Romania and Bulgaria are set to become full members of Europe’s borderless Schengen travel zone in January 2025. A final decision will be made at a December meeting of EU interior ministers.

On 22 November in Budapest, the interior ministers of Bulgaria, Romania and Austria signed a declaration on the full accession of Romania and Bulgaria to the Schengen area. “Bulgaria and Romania belong fully to Schengen. The lifting of land border checks is the last hurdle. I welcome the positive results of today’s informal discussions in Budapest,” European Commission President Ursula von der Leyen posted on X.

The final decision is due on the occasion of the Justice and Home Affairs Council on 11 December, when Romania and Bulgaria are officially invited to join Schengen with land borders. The two EU and NATO Member States entered the 29-country Schengen area by air and sea in March 2024 after reaching a partial agreement with Austria. Vienna initially opposed their joining, saying illegal immigration was still too high and that the two countries needed to do more to prevent it.

The breakthrough comes at a delicate moment for Schengen: several Member States, including Germany and France, have re-introduced border checks in a bid to control irregular migration. According to the joint statement signed in Budapest, temporary border controls will be established between Hungary and Romania and between Romania and Bulgaria for at least six months to “prevent any serious threat to public policy and internal security”.
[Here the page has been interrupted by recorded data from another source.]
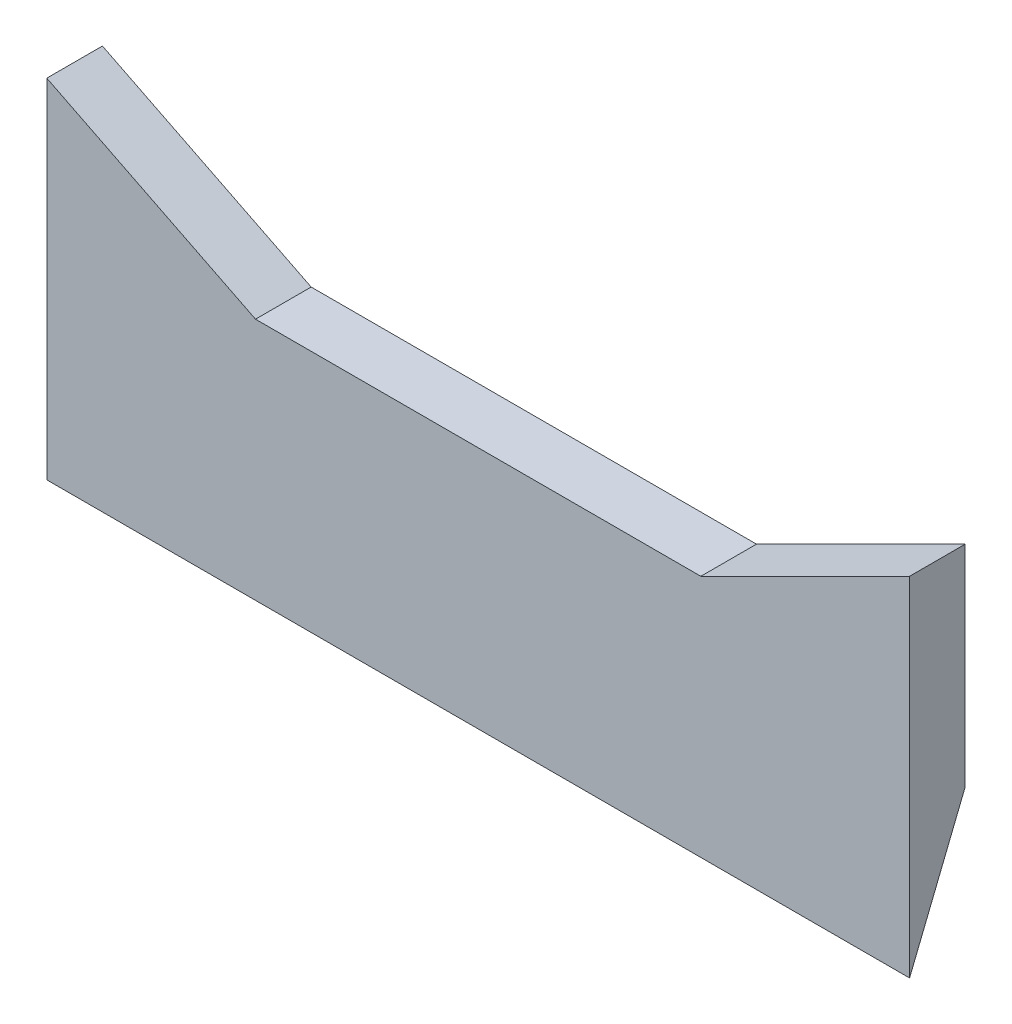
SolidWorks part; units mm, degrees
material "AISI 4340 Aço, normalizado"
ref_plane "Plano frontal" through (0, 0, 0) normal (0, 0, 1) x (1, 0, 0)
ref_plane "Plano superior" through (0, 0, 0) normal (0, 1, 0) x (1, 0, 0)
ref_plane "Plano direito" through (0, 0, 0) normal (1, 0, 0) x (0, 0, -1)
sketch "Esboço1" plane through (0, 0, 0) normal (0, 0, 1) x (1, 0, 0)
  line L0 (0, 0) -> (124, 0)
  line L1 (124, 0) -> (124, 50)
  line L2 (124, 50) -> (94, 35)
  line L3 (94, 35) -> (30, 35)
  line L4 (30, 35) -> (0, 50)
  line L5 (0, 50) -> (0, 0)
  dimension "D1" = 124
  dimension "D2" = 50
  dimension "D3" = 30
  dimension "D4" = 30
  dimension "D5" = 35
extrude "Ressalto-extrusão1" add sketch "Esboço1" along normal blind 8
sketch "Esboço2" plane through (0, 0, 0) normal (-1, 0, 0) x (0, 0, 1)
  line L0 (8, 0) -> (0, 0)
  line L1 (0, 0) -> (0, 19.8007)
  line L2 (0, 50) -> (0, 0) construction
  line L3 (8, 0) -> (0, 0) construction
  line L4 (0, 19.8007) -> (8, 0)
  dimension "D1" = 19.8007
  dimension "D3" = 19.8007
  dimension "D4" = 68
extrude "Corte-extrusão1" cut sketch "Esboço2" against normal through all
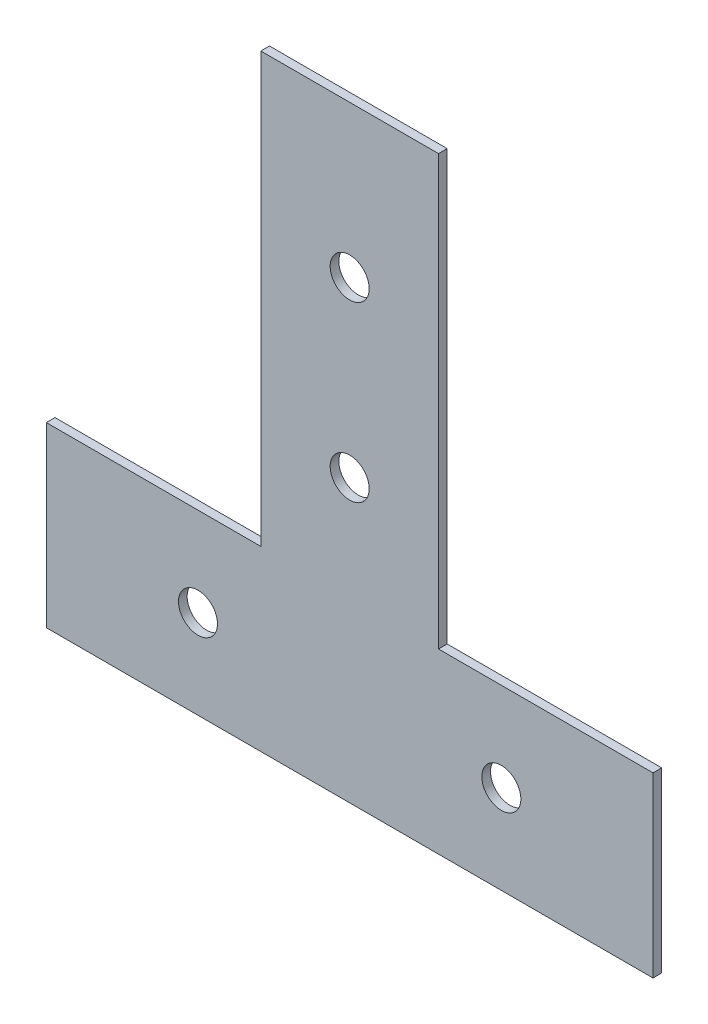
SolidWorks part; units mm, degrees
ref_plane "前视基准面" through (0, 0, 0) normal (0, 0, 1) x (1, 0, 0)
ref_plane "上视基准面" through (0, 0, 0) normal (0, 1, 0) x (1, 0, 0)
ref_plane "右视基准面" through (0, 0, 0) normal (1, 0, 0) x (0, 0, -1)
sketch "草图1" plane through (0, 0, 0) normal (0, 0, 1) x (1, 0, 0)
  line L1 (-70, -20.5) -> (70, -20.5)
  line L2 (-70, -20.5) -> (-70, 20.5)
  line L3 (-70, 20.5) -> (-20.5, 20.5)
  line L4 (70, -20.5) -> (70, 20.5)
  line L5 (-70, -20.5) -> (70, 20.5) construction
  line L6 (-70, 20.5) -> (70, -20.5) construction
  line L9 (-20.5, 119.5) -> (20.5, 119.5)
  line L10 (20.5, 20.5) -> (70, 20.5)
  line L11 (-20.5, 20.5) -> (-20.5, 119.5)
  line L12 (20.5, 20.5) -> (20.5, 119.5)
  point P0 (0, 0)
  point P6 (0, 119.5)
  dimension "D1" = 41
  dimension "D2" = 140
  dimension "D3" = 41
  dimension "D4" = 140
extrude "凸台-拉伸1" add sketch "草图1" along normal blind 2
sketch "草图2" plane through (0, 0, 2) normal (0, 0, 1) x (1, 0, 0)
  line L0 (0, 0) -> (0, 16.8919) construction
  line L2 (-70, 20.5) -> (-70, -20.5) construction
  line L3 (20.5, 119.5) -> (-20.5, 119.5) construction
  circle A0 centre (0, 84.5) radius 4.5
  circle A1 centre (0, 44.5) radius 4.5
  circle A2 centre (-35, 0) radius 4.5
  circle A3 centre (35, 0) radius 4.5
  dimension "D1" = 9
  dimension "D2" = 9
  dimension "D3" = 9
  dimension "D4" = 35
  dimension "D5" = 40
  dimension "D6" = 35
extrude "切除-拉伸1" cut sketch "草图2" against normal through all

Negotiations for land entry continued throughout 2024. For Romania and Bulgaria, land borders are a major bottleneck. According to the Romanian Union of Truck Hauliers, drivers usually wait 8 to 16 hours at the border with Hungary, and from 20 to 30 hours at the Bulgarian border. Similarly, in Bulgaria, hauliers queue at the border with Greece and Romania. Romania believes the country loses €10 billion a year because it is not a full member of Schengen. For the same reason Bulgaria, three times smaller in terms of population, believes its economy lost 1 billion last year.